#nixos-dev on 2020-02-12

2020-02-03 20:39 samueldr changed the topic of #nixos-dev to: #nixos-dev NixOS Development (#nixos for questions) | NixOS 20.03 Feature Freeze Feb 10 https://discourse.nixos.org/t/nixos-20-03-feature-freeze/5655 | https://hydra.nixos.org/jobset/nixos/trunk-combined https://channels.nix.gsc.io/graph.html | https://r13y.com | 19.09 RMs: disasm, sphalerite; 20.03: worldofpeace, disasm | https://logs.nix.samueldr.com/nixos-dev

00:19 multun has quit [Ping timeout: 265 seconds]

00:24 multun has joined #nixos-dev

00:51 Synthetica has quit [Quit: Connection closed for inactivity]

01:24 bhipple has joined #nixos-dev

03:20 ajs124 has quit [Remote host closed the connection]

03:20 Scriptkiddi has quit [Remote host closed the connection]

03:20 das_j has quit [Remote host closed the connection]

03:42 ris has quit [Ping timeout: 240 seconds]

04:14 lovesegfault has joined #nixos-dev

04:20 phreedom has quit [Remote host closed the connection]

04:22 phreedom has joined #nixos-dev

05:17 lovesegfault has quit [Ping timeout: 246 seconds]

05:19 lovesegfault has joined #nixos-dev

05:21 bhipple has quit [Remote host closed the connection]

05:55 drakonis_ has quit [Read error: Connection reset by peer]

07:09 orivej has quit [Ping timeout: 268 seconds]
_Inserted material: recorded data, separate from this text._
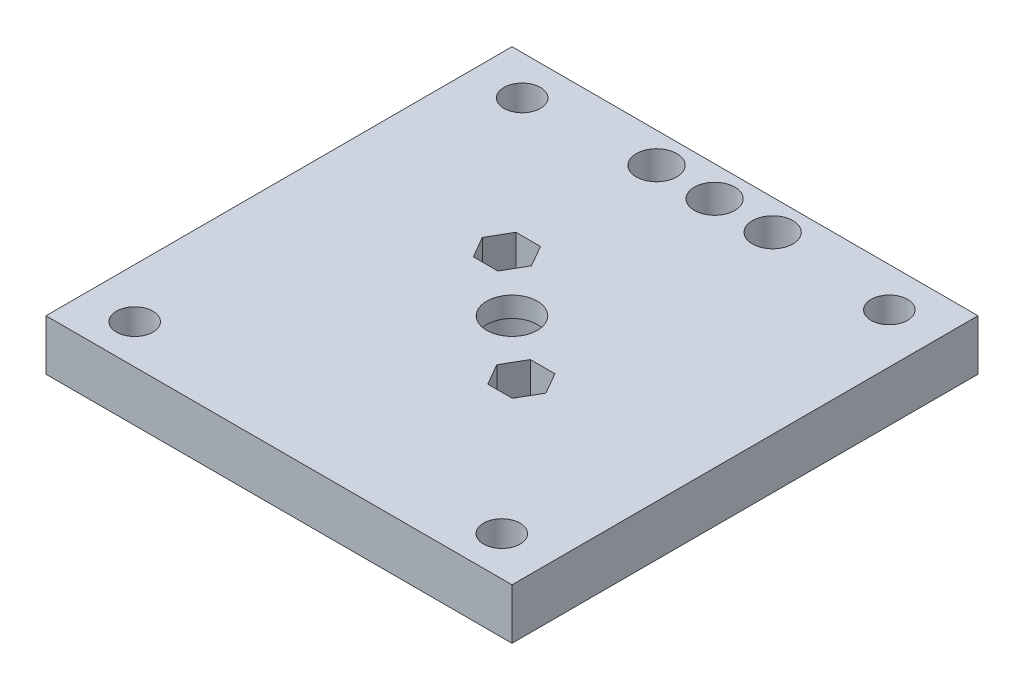
from build123d import *

# Parameters (mm, degrees)
SKETCH2_W           = 46
SKETCH2_H           = 46
BOSS_EXTRUDE1_DEPTH = 5
SKETCH3_R           = 1.8
SKETCH3_R_2         = 2.5
CUT_EXTRUDE1_DEPTH  = 5
SKETCH4_R           = 4.1
CUT_EXTRUDE2_DEPTH  = 3
SKETCH5_W           = 4
SKETCH5_H           = 4
BOSS_EXTRUDE2_DEPTH = 3
SKETCH6_R           = 1
CUT_EXTRUDE3_DEPTH  = 9
CUT_EXTRUDE5_DEPTH  = 4
SKETCH9_R           = 2
CUT_EXTRUDE6_DEPTH  = 6


with BuildPart() as part:
    # Sketch2 → Boss-Extrude1 (new body)
    with BuildSketch(Plane(origin=(0, 0, 0), x_dir=(1, 0, 0), z_dir=(0, 1, 0))):
        Rectangle(SKETCH2_W, SKETCH2_H)
    extrude(amount=BOSS_EXTRUDE1_DEPTH)

    # Sketch3 → Cut-Extrude1 (cut)
    with BuildSketch(Plane(origin=(0, 0, 0), x_dir=(1, 0, 0), z_dir=(0, 1, 0))):
        with Locations((-18.12, 19.125)):
            Circle(SKETCH3_R)
        with Locations((18.12, 19.125)):
            Circle(SKETCH3_R)
        with Locations((18.12, -19.125)):
            Circle(SKETCH3_R)
        with Locations((-18.12, -19.125)):
            Circle(SKETCH3_R)
        Circle(SKETCH3_R_2)
    extrude(amount=CUT_EXTRUDE1_DEPTH, mode=Mode.SUBTRACT)

    # Sketch4 → Cut-Extrude2 (cut)
    with BuildSketch(Plane(origin=(0, 0, 0), x_dir=(1, 0, 0), z_dir=(0, 1, 0))):
        Circle(SKETCH4_R)
    extrude(amount=CUT_EXTRUDE2_DEPTH, mode=Mode.SUBTRACT)

    # Sketch5 → Boss-Extrude2 (add)
    with BuildSketch(Plane(origin=(0, 0, 0), x_dir=(1, 0, 0), z_dir=(0, 1, 0))):
        with Locations((-5.7330026, 5.06948708)):
            Rectangle(SKETCH5_W, SKETCH5_H)
        with Locations((5.862376563, -4.939727226)):
            Rectangle(SKETCH5_W, SKETCH5_H)
    extrude(amount=-BOSS_EXTRUDE2_DEPTH)

    # Sketch6 → Cut-Extrude3 (cut, through all)
    with BuildSketch(Plane(origin=(0, -3, 0), x_dir=(-1, 0, 0), z_dir=(0, -1, 0))):
        with Locations((5.7330026, 5.230811807)):
            Circle(SKETCH6_R)
        with Locations((-5.862376563, -4.939727226)):
            Circle(SKETCH6_R)
    extrude(amount=-CUT_EXTRUDE3_DEPTH, mode=Mode.SUBTRACT)

    # Sketch8 → Cut-Extrude5 (cut)
    with BuildSketch(Plane(origin=(0, 5, 0), x_dir=(1, 0, 0), z_dir=(0, 1, 0))):
        Polygon((8.287247693, -4.939727226), (7.074812128, -2.839727226), (4.649940998, -2.839727226), (3.437505432, -4.939727226), (4.649940998, -7.039727226), (7.074812128, -7.039727226), align=None)
        Polygon((-3.30813147, 5.230811807), (-4.520567035, 7.330811807), (-6.945438166, 7.330811807), (-8.157873731, 5.230811807), (-6.945438166, 3.130811807), (-4.520567035, 3.130811807), align=None)
    extrude(amount=-CUT_EXTRUDE5_DEPTH, mode=Mode.SUBTRACT)

    # Sketch9 → Cut-Extrude6 (cut, through all)
    with BuildSketch(Plane(origin=(0, 0, 0), x_dir=(1, 0, 0), z_dir=(0, 1, 0))):
        with Locations((-5.7330026, 20)):
            Circle(SKETCH9_R)
        with Locations((5.73, 20)):
            Circle(SKETCH9_R)
        with Locations((0, 20)):
            Circle(SKETCH9_R)
    extrude(amount=CUT_EXTRUDE6_DEPTH, mode=Mode.SUBTRACT)


solid = part.part
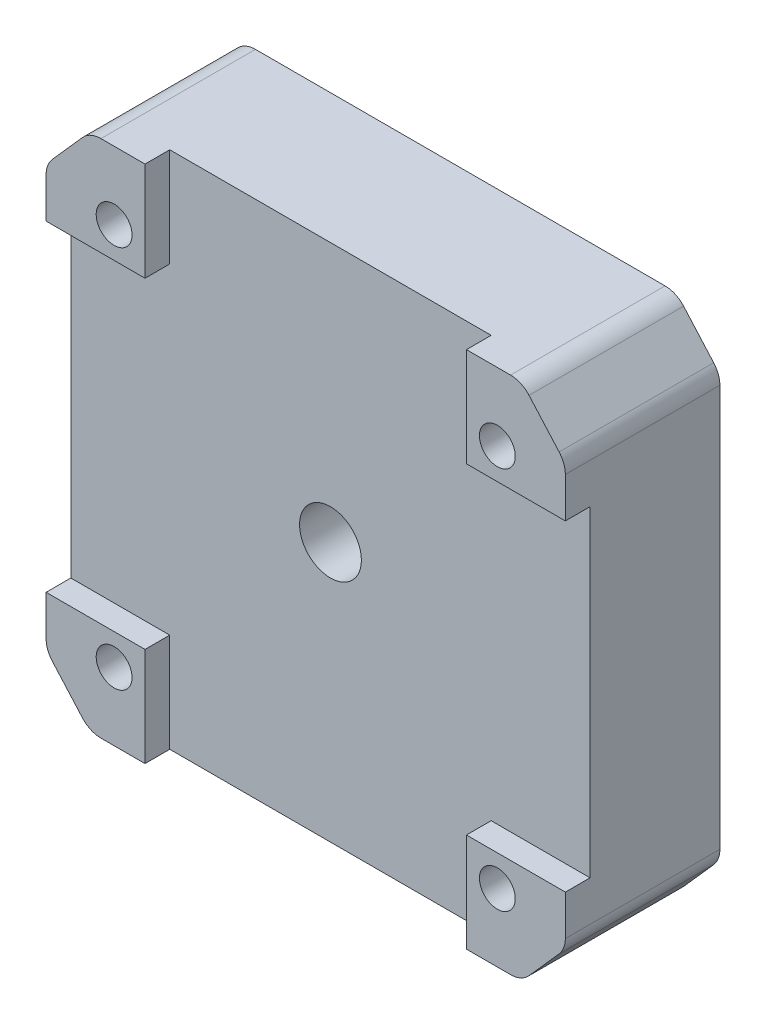
from build123d import *

# Parameters (mm, degrees)
BOSS_EXTRUDE1_DEPTH                                = 12.5
SKETCH2_W                                          = 2
SKETCH2_H                                          = 26
CUT_EXTRUDE1_DEPTH                                 = 43
SKETCH3_W                                          = 26
SKETCH3_H                                          = 2
CUT_EXTRUDE2_DEPTH                                 = 43
SKETCH4_R                                          = 3.25
CUT_EXTRUDE3_DEPTH                                 = 3
SKETCH5_R                                          = 2.5
CUT_EXTRUDE4_DEPTH                                 = 11.5
CBORE_FOR_M2_5_PAN_HEAD_MACHINE_SCREW1_D           = 2.9
CBORE_FOR_M2_5_PAN_HEAD_MACHINE_SCREW1_CBORE_D     = 6
CBORE_FOR_M2_5_PAN_HEAD_MACHINE_SCREW1_CBORE_DEPTH = 2.1
FILLET1_R                                          = 2


with BuildPart() as part:
    # Sketch1 → Boss-Extrude1 (new body)
    with BuildSketch(Plane.XY):
        Polygon((-17.465670258, 21), (-21, 17.012864847), (-21, -17.012864847), (-17.465670258, -21), (17.465670258, -21), (21, -17.012864847), (21, 17.012864847), (17.465670258, 21), align=None)
    extrude(amount=BOSS_EXTRUDE1_DEPTH)

    # Sketch2 → Cut-Extrude1 (cut, through all)
    with BuildSketch(Plane(origin=(21, 0, 0), x_dir=(0, 0, -1), z_dir=(1, 0, 0))):
        with Locations((-11.5, 0)):
            Rectangle(SKETCH2_W, SKETCH2_H)
    extrude(amount=-CUT_EXTRUDE1_DEPTH, mode=Mode.SUBTRACT)

    # Sketch3 → Cut-Extrude2 (cut, through all)
    with BuildSketch(Plane.XZ.offset(21)):
        with Locations((0, 11.5)):
            Rectangle(SKETCH3_W, SKETCH3_H)
    extrude(amount=-CUT_EXTRUDE2_DEPTH, mode=Mode.SUBTRACT)

    # Sketch4 → Cut-Extrude3 (cut)
    with BuildSketch(Plane(origin=(0, 0, 0), x_dir=(-1, 0, 0), z_dir=(0, 0, -1))):
        Circle(SKETCH4_R)
    extrude(amount=-CUT_EXTRUDE3_DEPTH, mode=Mode.SUBTRACT)

    # Sketch5 → Cut-Extrude4 (cut, through all)
    with BuildSketch(Plane.XY.offset(10.5)):
        Circle(SKETCH5_R)
    extrude(amount=-CUT_EXTRUDE4_DEPTH, mode=Mode.SUBTRACT)

    # CBORE for M2.5 Pan Head Machine Screw1 (through all)
    with Locations(Plane(origin=(0, 0, 0), x_dir=(-1, 0, 0), z_dir=(0, 0, -1))):
        with Locations((-15.5, 15.5), (15.5, 15.5), (15.5, -15.5), (-15.5, -15.5)):
            CounterBoreHole(CBORE_FOR_M2_5_PAN_HEAD_MACHINE_SCREW1_D / 2, CBORE_FOR_M2_5_PAN_HEAD_MACHINE_SCREW1_CBORE_D / 2, CBORE_FOR_M2_5_PAN_HEAD_MACHINE_SCREW1_CBORE_DEPTH)

    # Fillet1
    fillet1_edges = [part.edges().sort_by_distance(p)[0] for p in [
        (17.465670258, 21, 6.25),
        (21, 17.012864847, 6.25),
        (21, -17.012864847, 6.25),
        (17.465670258, -21, 6.25),
        (-17.465670258, -21, 6.25),
        (-21, -17.012864847, 6.25),
        (-21, 17.012864847, 6.25),
        (-17.465670258, 21, 6.25),
    ]]
    fillet(fillet1_edges, radius=FILLET1_R)


solid = part.part

08:36 tilpner_ is now known as tilpner

09:08 claudiii has joined #nixos-dev

10:05 Scriptkiddi has joined #nixos-dev

10:05 ajs124 has joined #nixos-dev

10:05 das_j has joined #nixos-dev

10:06 __monty__ has joined #nixos-dev

10:18 <FRidh> I wonder if there are any objections to the pace at which we iterate staging nowadays. It can at times go pretty fast, e.g. now there's 2 new stdenv rebuilds in 2 days, which results in quite some bandwidth needed when following unstable

10:35 <Taneb> What's with the eval failure on the nixos:release-20.03 jobset?

10:42 <infinisil> FRidh: I once brought up the idea of having multple levels of staging, which I quite like. So one level for e.g. stdenv rebuilds, only getting a couple commits, being merged into a second level that gets core library updates which are more common, etc.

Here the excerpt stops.